Task material:
══════════════════════════════
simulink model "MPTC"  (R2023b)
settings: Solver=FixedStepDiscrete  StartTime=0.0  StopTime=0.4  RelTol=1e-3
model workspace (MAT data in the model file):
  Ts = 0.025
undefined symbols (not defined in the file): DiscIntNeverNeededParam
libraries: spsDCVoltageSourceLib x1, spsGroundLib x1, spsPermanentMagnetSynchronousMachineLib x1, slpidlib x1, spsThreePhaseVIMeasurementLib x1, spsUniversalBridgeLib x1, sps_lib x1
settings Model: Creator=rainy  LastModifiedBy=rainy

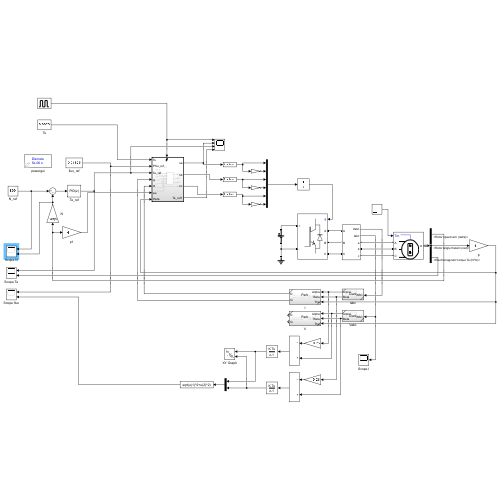
[thumbnail: Simulink's stored preview of the top-level diagram]
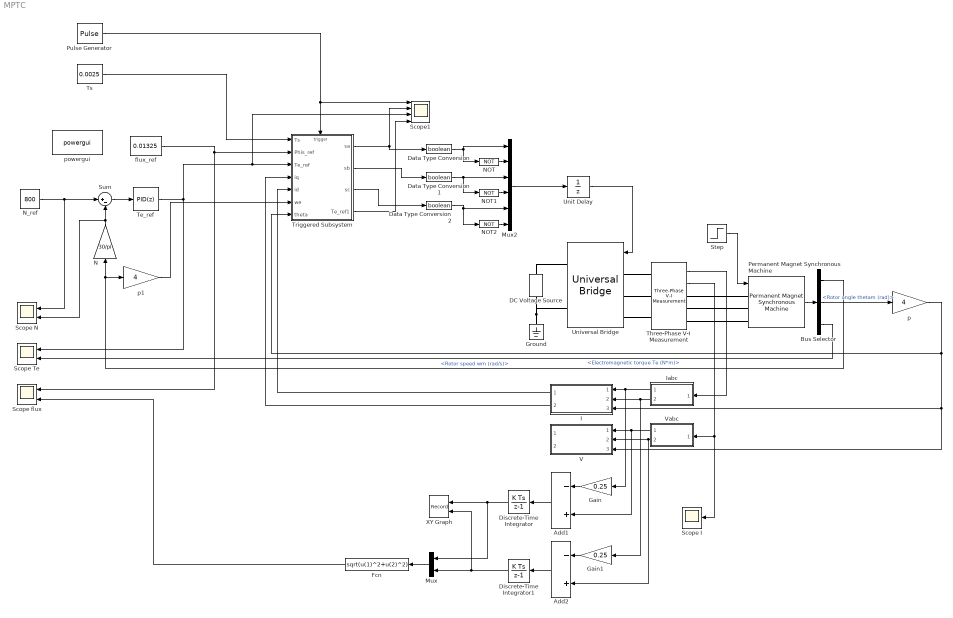
== system MPTC ==
  Add1 : Sum  Inputs=-+
  Add2 : Sum  Inputs=-+
  Bus Selector : BusSelector  OutputSignals=Rotor speed wm (rad/s),Rotor angle thetam (rad),Electromagnetic torque Te (N*m)
  DC Voltage Source : spsDCVoltageSourceLib/DC Voltage Source  Amplitude=24  Measurements=Voltage
  Data Type Conversion : DataTypeConversion  OutDataTypeStr=boolean  SaturateOnIntegerOverflow=off  RndMeth=Floor
  Data Type Conversion1 : DataTypeConversion  OutDataTypeStr=boolean  SaturateOnIntegerOverflow=off  RndMeth=Floor
  Data Type Conversion2 : DataTypeConversion  OutDataTypeStr=boolean  SaturateOnIntegerOverflow=off  RndMeth=Floor
  Discrete-Time Integrator : DiscreteIntegrator  SampleTime=-1  ICPrevOutput=DiscIntNeverNeededParam  ICPrevScaledInput=DiscIntNeverNeededParam
  Discrete-Time Integrator1 : DiscreteIntegrator  SampleTime=-1  ICPrevOutput=DiscIntNeverNeededParam  ICPrevScaledInput=DiscIntNeverNeededParam
  Fcn : Fcn  Expr=sqrt(u(1)^2+u(2)^2)
  Gain : Gain  Gain=0.25
  Gain1 : Gain  Gain=0.25
  Ground : spsGroundLib/Ground  LConnTagsString=a
  I : Subsystem  ReferencedSubsystem=Park
  Iabc : Subsystem  ReferencedSubsystem=Clark
  Mux : Mux  Inputs=2
  Mux2 : Mux  Inputs=6
  N : Gain  Gain=30/pi
  NOT : Logic  Operator=NOT  IconShape=distinctive  AllPortsSameDT=off  OutDataTypeStr=boolean
  NOT1 : Logic  Operator=NOT  IconShape=distinctive  AllPortsSameDT=off  OutDataTypeStr=boolean
  NOT2 : Logic  Operator=NOT  IconShape=distinctive  AllPortsSameDT=off  OutDataTypeStr=boolean
  N_ref : Constant  Value=800
  Permanent Magnet Synchronous Machine : spsPermanentMagnetSynchronousMachineLib/Permanent Magnet Synchronous Machine  NbPhases=3  FluxDistribution=Sinusoidal  RotorType=Round  MechanicalLoad=Torque Tm  PresetModel=No  ShowDetailedParameters=on  MeasurementBus=off  Resistance=0.25  Inductance=8.5e-3  dqInductances=[8.5e-3,8.5e-3]  La=0.0005  MachineConstant=Flux linkage established by magnets (V.s)  Flux=0.01325  VoltageCst=9.6131  TorqueCst=0.0795  Flat=120  Mechanical=[0.0008 0.0004924 4 0]  PolePairs=4  InitialConditions=[0,0, 0,0]  InitialConditions5ph=[0 0 0 0 0 0]  RefAngle=Aligned with phase A axis (original Park)  IterativeDiscreteModel=Trapezoidal non iterative  TsBlock=-1  TsPowergui=0
  Pulse Generator : DiscretePulseGenerator  PulseType=Time based  Period=0.0025
  Scope I : Scope
  Scope N : Scope  NumInputPorts=2
  Scope Te : Scope  NumInputPorts=2
  Scope flux : Scope  NumInputPorts=2
  Scope1 : Scope  NumInputPorts=4
  Step : Step  Time=0.2  SampleTime=0
  Sum : Sum  Inputs=|+-
  Te_ref : slpidlib/PID Controller  Controller=PID  Form=Parallel  TimeDomain=Discrete-time  UseExternalTs=off  SampleTime=-1  IntegratorMethod=Forward Euler  FilterMethod=Forward Euler  ControllerParametersSource=internal  P=2  I=1  UseKiTs=off  D=0  N=100  UseFilter=on  TunerSelectOption=Transfer Function Based (PID Tuner App)  InitialConditionSource=internal  InitialConditionForIntegrator=0  InitialConditionForFilter=0  DifferentiatorICPrevScaledInput=0  ExternalReset=none  TrackingMode=off  Kt=1  LimitOutput=off  SatLimitsSource=internal  UpperSaturationLimit=inf  LowerSaturationLimit=-inf  LinearizeAsGain=off  AntiWindupMode=none  Kb=1  LimitIntegrator=off  UpperIntegratorSaturationLimit=inf  LowerIntegratorSaturationLimit=-inf  POutMin=[]  POutMax=[]  IOutMin=[]  IOutMax=[]  DOutMin=[]  DOutMax=[]  NOutMin=[]  NOutMax=[]  SumOutMin=[]  SumOutMax=[]  SaturationOutMin=[]  SaturationOutMax=[]  PParamMin=[]  PParamMax=[]  IParamMin=[]  IParamMax=[]  DParamMin=[]  DParamMax=[]  NParamMin=[]  NParamMax=[]  KbParamMin=[]  KbParamMax=[]  KtParamMin=[]  KtParamMax=[]  KbOutMin=[]  KbOutMax=[]  KtOutMin=[]  KtOutMax=[]  IntegratorOutMin=[]  IntegratorOutMax=[]  FilterOutMin=[]  FilterOutMax=[]  SumI1OutMin=[]  SumI1OutMax=[]  SumI2OutMin=[]  SumI2OutMax=[]  SumI3OutMin=[]  SumI3OutMax=[]  SumI4OutMin=[]  SumI4OutMax=[]  SumDOutMin=[]  SumDOutMax=[]  DifferentiatorOutMin=[]  DifferentiatorOutMax=[]  FilterDiffOutCoefMin=[]  FilterDiffOutCoefMax=[]  ReciprocalOutMin=[]  ReciprocalOutMax=[]  SumDenOutMin=[]  SumDenOutMax=[]  SumNumOutMin=[]  SumNumOutMax=[]  DivideOutMin=[]  DivideOutMax=[]  UdiffTsProdOutMin=[]  UdiffTsProdOutMax=[]  NTsProdOutMin=[]  NTsProdOutMax=[]  UintegralTsProdOutMin=[]  UintegralTsProdOutMax=[]  UngainTsProdOutMin=[]  UngainTsProdOutMax=[]  ClampingZeroOutDataTypeStr=Inherit: Inherit via back propagation  ClampingZeroOutMin=[]  ClampingZeroOutMax=[]  FilterDenConstantOutDataTypeStr=Inherit: Inherit via back propagation  FilterDenConstantOutMin=[]  FilterDenConstantOutMax=[]  PCopyOutDataTypeStr=Inherit: Inherit via back propagation  PCopyOutMin=[]  PCopyOutMax=[]  NCopyOutDataTypeStr=Inherit: Inherit via back propagation  NCopyOutMin=[]  NCopyOutMax=[]  IntegratorContinuousStateAttributes=''  IntegratorStateMustResolveToSignalObject=off  IntegratorRTWStateStorageClass=Auto  FilterContinuousStateAttributes=''  FilterStateMustResolveToSignalObject=off  FilterRTWStateStorageClass=Auto  ParallelPVariant=InternalParameters  IdealPVariant=Disabled  IVariant=InternalParameters  DVariant=InternalParameters  IntegratorVariant=Discrete  SatVariant=Disabled  AWVariant=Passthrough  PCopyVariant=Disabled  TRVariant=Disabled  FdbkBlocksVariant=Forward  IdealPFdbkVariant=Disabled  SatFdbkVariant=Disabled  DerivativeFilterVariant=ForwardEulerFilter  NVariant=InternalParameters  NCopyVariant=Disabled  FilterICVariant=InternalICsFilter  IntegratorICVariant=InternalICs  ExternalResetVariant=Disabled  TRSumVariant=Passthrough  SumFdbkVariant=Disabled  SumVariant=Sum_PID  TsampFilterVariant=InternalTs  TsampNgainVariant=Passthrough  TsampIntegralVariant=Disabled_SignalSpec  ExternalSaturationOutDataTypeStr=Inherit: Same as second input
      settings: LibrarySourceBlock=simulink/Discrete/Discrete PID Controller
  Three-Phase V-I Measurement : spsThreePhaseVIMeasurementLib/Three-Phase V-I Measurement  VoltageMeasurement=phase-to-ground  SetLabelV=off  LabelV=Vabc  Vpu=off  VpuLL=off  CurrentMeasurement=yes  SetLabelI=off  LabelI=Iabc  Ipu=off  Pbase=100e6  Vbase=500e3  OutputType=Complex  PhasorSimulation=off  PSBequivalent=0
  Triggered Subsystem : Subsystem  TreatAsAtomicUnit=on
  Ts : Constant  Value=0.0025
  Unit Delay : UnitDelay  SampleTime=-1  HasFrameUpgradeWarning=on
  Universal Bridge : spsUniversalBridgeLib/Universal Bridge  Arms=3  SnubberResistance=1e5  SnubberCapacitance=inf  Device=IGBT / Diodes  Ron=1e-3  Lon=0  ForwardVoltages="[  0  0  ]"  ForwardVoltage=0  GTOparameters=[ 10e-6 , 20e-6 ]  IGBTparameters=[ 1e-6 , 2e-6 ]  Measurements=None  Measurements_2=None  converterType=Rectifier
  V : Subsystem  ReferencedSubsystem=Park
  Vabc : Subsystem  ReferencedSubsystem=Clark
  XY Graph : Record  FileSettingsInternal="{\"entries\":[{\"content\":{\"excelSettings\":{\"content\":{},\"type\":\"Streamout.ExcelSettings\"}},\"type\":\"Streamout.FileSettingStorage\",\"uuid\":\"\"}],\"packageUris\":[\"http:\\/\\/schema.mathworks.com\\/mf0\\/streamout_blocks\\/R2020a\"],\"version\":\"1.0\"}"  Layout=[1 1]  SignalsInternal="{\"entries\":[{\"content\":{\"signals\":[{\"content\":{\"blockPath\":[],\"dimensions\":[1],\"domain\":\"\",\"lineColor\":\"#a2142f\",\"plots\":[1],\"port\":1,\"sid\":[\"\"],\"signalID\":439,\"signalName\":\"Discrete-Time\\nIntegrator\"},\"type\":\"RecordBlkView.Signal\",\"uuid\":\"\"},{\"content\":{\"blockPath\":[],\"dimensions\":[1],\"domain\":\"\",\"lineColor\":\"#139fff\",\"plots\":[1],\"port\":2,\"sid\":[\"\"],\"signalID\":443,\"signalName\":\"Discrete-Time\\nIntegrator1\"},\"type\":\"RecordBlkView.Signal\",\"uuid\":\"\"}]},\"type\":\"RecordBlkView.InputSignals\",\"uuid\":\"\"}],\"packageUris\":[\"http:\\/\\/schema.mathworks.com\\/mf0\\/streamout_blocks\\/R2020a\"],\"version\":\"1.0\"}"  VisualizationBindings="{\"xyplotplugin\":{\"info\":[{\"series\":[{\"bindingParametersList\":[{\"parameter\":\"X-Axis\",\"signalID\":439,\"signalName\":\"Discrete-Time\\nIntegrator\"},{\"parameter\":\"Y-Axis\",\"signalID\":443,\"signalName\":\"Discrete-Time\\nIntegrator1\"}],\"seriesID\":125}],\"subplotID\":1}]}}"  CompatibilityTag=XY  st=-1
  flux_ref : Constant  Value=0.01325
  p : Gain  Gain=4
  p1 : Gain  Gain=4
  powergui : sps_lib/powergui  Priority=1  SimulationMode=Discrete  SampleTime=5e-6  frequency=60  Iterations=50  frequencyindice=0  Pbase=100e6  ErrMax=1e-4  UnitsV=kV  UnitsW=MW  buscounter=0  FunctionMessages=off  echomessages=off  EnableUseOfTLC=off  CurrentSourceSwitches=off  DisableSnubberDevices=off  DisableRonSwitches=off  DisableVfSwitches=off  DisplayEquations=off  AutomaticDiscreteSolvers=off  SolverType=Tustin/Backward Euler (TBE)  Interpol=off  ExternalGateDelay=off  methode=off  Ts=100  x0status=blocks  SPID=on  SwTol=0  HookPort=off  NonlinearTolerance=1e-4  nMaxIteration=100  ContinueOnMaxIteration=off  RestoreLinks=warning  ResistiveCurrentMeasurement=off  Frange=[0:2:500]  Ylog=off  Xlog=on  ShowGrid=off  save=off  variable=ZData  structure=0  ZoomFFT=off  StartTime=0.0  cycles=1  DisplayStyle=1  fundamental=60  FreqAxis=off  MaxFrequency=1000  frequencyindicesteady=1  RmsSteady=1  display=off
  wires:
  N_ref/1 -> Sum/1, Scope N/1
  Permanent Magnet Synchronous Machine/1 -> Bus Selector/1
  Bus Selector/1 -> p1/1, N/1  "<Rotor speed wm (rad/s)>"
  Three-Phase V-I Measurement/1 -> Iabc/1
  Three-Phase V-I Measurement/2 -> Scope I/1, Vabc/1
  Iabc/1 -> Gain/1, I/1
  Iabc/2 -> Gain1/1, I/2
  Unit Delay/1 -> Universal Bridge/1
  N/1 -> Sum/2, Scope N/2
  Sum/1 -> Te_ref/1
  flux_ref/1 -> Scope flux/1, Triggered Subsystem/2(Phis_ref)
  Te_ref/1 -> Scope1/3, Triggered Subsystem/3(Te_ref), Scope Te/1
  p/1 -> Triggered Subsystem/7(theta), I/3, V/3
  I/1 -> Triggered Subsystem/5(id)
  I/2 -> Triggered Subsystem/4(iq)
  p1/1 -> Triggered Subsystem/6(we)
  Step/1 -> Permanent Magnet Synchronous Machine/1
  Data Type Conversion/1 -> NOT/1, Mux2/1
  NOT1/1 -> Mux2/4
  NOT/1 -> Mux2/2
  NOT2/1 -> Mux2/6
  Data Type Conversion1/1 -> NOT1/1, Mux2/3
  Data Type Conversion2/1 -> NOT2/1, Mux2/5
  Triggered Subsystem/1(sa) -> Data Type Conversion/1, Scope1/2
  Triggered Subsystem/2(sb) -> Data Type Conversion1/1
  Triggered Subsystem/3(sc) -> Data Type Conversion2/1
  Mux2/1 -> Unit Delay/1
  Bus Selector/2 -> p/1  "<Rotor angle thetam (rad)>"
  Gain/1 -> Add1/1
  Vabc/1 -> Add1/2, V/1
  Vabc/2 -> Add2/2, V/2
  Gain1/1 -> Add2/1
  Add1/1 -> Discrete-Time Integrator/1
  Add2/1 -> Discrete-Time Integrator1/1
  Discrete-Time Integrator/1 -> Mux/1, XY Graph/1
  Discrete-Time Integrator1/1 -> XY Graph/2, Mux/2
  Bus Selector/3 -> Scope Te/2  "<Electromagnetic torque Te (N*m)>"
  Mux/1 -> Fcn/1
  Fcn/1 -> Scope flux/2
  Pulse Generator/1 -> Triggered Subsystem/Trigger, Scope1/1
  Ts/1 -> Triggered Subsystem/1(Ts)
  Triggered Subsystem/4(Te_ref1) -> Scope1/4
  connections:
  Ground/LConn1 -- Universal Bridge/RConn2 -- DC Voltage Source/LConn1
  Permanent Magnet Synchronous Machine/LConn2 -- Three-Phase V-I Measurement/RConn2
  Permanent Magnet Synchronous Machine/LConn1 -- Three-Phase V-I Measurement/RConn1
  Universal Bridge/LConn3 -- Three-Phase V-I Measurement/LConn3
  Universal Bridge/LConn1 -- Three-Phase V-I Measurement/LConn1
  Universal Bridge/LConn2 -- Three-Phase V-I Measurement/LConn2
  DC Voltage Source/RConn1 -- Universal Bridge/RConn1
  Permanent Magnet Synchronous Machine/LConn3 -- Three-Phase V-I Measurement/RConn3

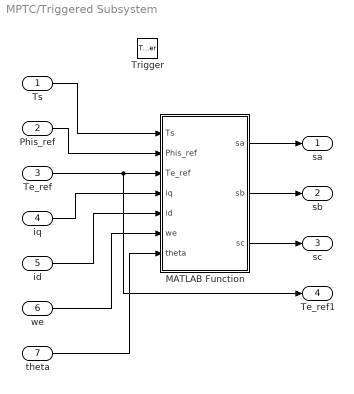
== system MPTC/Triggered Subsystem ==
  Ts : Inport
  Phis_ref : Inport  Port=2
  Te_ref : Inport  Port=3
  iq : Inport  Port=4
  id : Inport  Port=5
  we : Inport  Port=6
  theta : Inport  Port=7
  Trigger : TriggerPort  VariantControl=(inherit)
  MATLAB Function : MATLAB Function  TreatAsAtomicUnit=on
  sa : Outport
  sb : Outport  Port=2
  sc : Outport  Port=3
  Te_ref1 : Outport  Port=4
  wires:
  Phis_ref/1 -> MATLAB Function/2(Phis_ref)
  Te_ref/1 -> Te_ref1/1, MATLAB Function/3(Te_ref)
  iq/1 -> MATLAB Function/4(iq)
  id/1 -> MATLAB Function/5(id)
  we/1 -> MATLAB Function/6(we)
  theta/1 -> MATLAB Function/7(theta)
  MATLAB Function/1(sa) -> sa/1
  MATLAB Function/2(sb) -> sb/1
  MATLAB Function/3(sc) -> sc/1
  Ts/1 -> MATLAB Function/1(Ts)

== matlab function MPTC/Triggered Subsystem/MATLAB Function ==
  data: Ts input; Phis_ref input; sa output; Te_ref input; iq input; id input; we input; theta input; sb output; sc output
function [sa, sb, sc] = fcn(Ts, Phis_ref, Te_ref, iq, id, we, theta)

R       = 0.25;
Ld      = 0.0005;
Lq      = 0.0005;
Phif    = 0.01325;
p       = 4;
Vdc     = 24;
gmin    = 20000000;
m       = 50;
imin    = 1;

sw = [0 0 0; 0 0 1; 0 1 0; 0 1 1; 1 0 0; 1 0 1; 1 1 0; 1 1 1];
trans = 2/3*[cos(theta) cos(theta-2/3*pi) cos(theta+2/3*pi);
             -sin(theta) -sin(theta-2/3*pi) -sin(theta+2/3*pi)];

persistent flag ud_prev uq_prev ud_next uq_next
if isempty(flag)
    flag = 1;
    ud_prev = 0;
    uq_prev = 0;
    ud_next = 0;
    uq_next = 0;
end

ud_prev = ud_next;
uq_prev = uq_next;

id1 = id+Ts/Ld*(ud_prev+iq*we*Lq-id*R);
iq1 = iq+Ts/Lq*(uq_prev-id*we*Ld-iq*R-Phif*we);
for i=1:8
    sa = sw(i,1); sb = sw(i, 2); sc = sw(i, 3);
    Va = Vdc*(2*sa-sb-sc)/3;
    Vb = Vdc*(2*sb-sc-sa)/3;
    Vc = Vdc*(2*sc-sa-sb)/3;
    Vabc = [Va; Vb; Vc];
    Vdq = trans*Vabc;
    Vd = Vdq(1, 1);
    Vq = Vdq(2, 1);
    id2 = id1+Ts/Ld*(Vd+iq1*we*Lq-id1*R);
    iq2 = iq1+Ts/Lq*(Vq-id1*we*Ld-iq1*R-Phif*we);
    Te2 = 3/2*p*iq2*Phif;
    Phid2 = Ld*id2+Phif;
    Phiq2 = Lq*iq2;
    Phis2 = (Phid2^2+Phiq2^2)^0.5;
    d_Te = abs(Te_ref - Te2);
    d_Phis = abs(Phis_ref-Phis2);
    g = abs(Te_ref - Te2)+m*abs(Phis_ref-Phis2);
    [i g d_Te m*d_Phis];
    if (g<gmin)
        imin = i;
        gmin = g;
    end
end

sa = sw(imin,1); sb = sw(imin, 2); sc = sw(imin, 3);
Va = Vdc*(2*sa-sb-sc)/3;
Vb = Vdc*(2*sb-sc-sa)/3;
Vc = Vdc*(2*sc-sa-sb)/3;
Vabc = [Va; Vb; Vc];
Vdq = trans*Vabc;
ud_next = Vdq(1, 1);
uq_next = Vdq(2, 1);
══════════════════════════════
To do:
Using the data above, return each line that includes the word "DataTypeConversion".

Your solution:
  Data Type Conversion : DataTypeConversion  OutDataTypeStr=boolean  SaturateOnIntegerOverflow=off  RndMeth=Floor
  Data Type Conversion1 : DataTypeConversion  OutDataTypeStr=boolean  SaturateOnIntegerOverflow=off  RndMeth=Floor
  Data Type Conversion2 : DataTypeConversion  OutDataTypeStr=boolean  SaturateOnIntegerOverflow=off  RndMeth=Floor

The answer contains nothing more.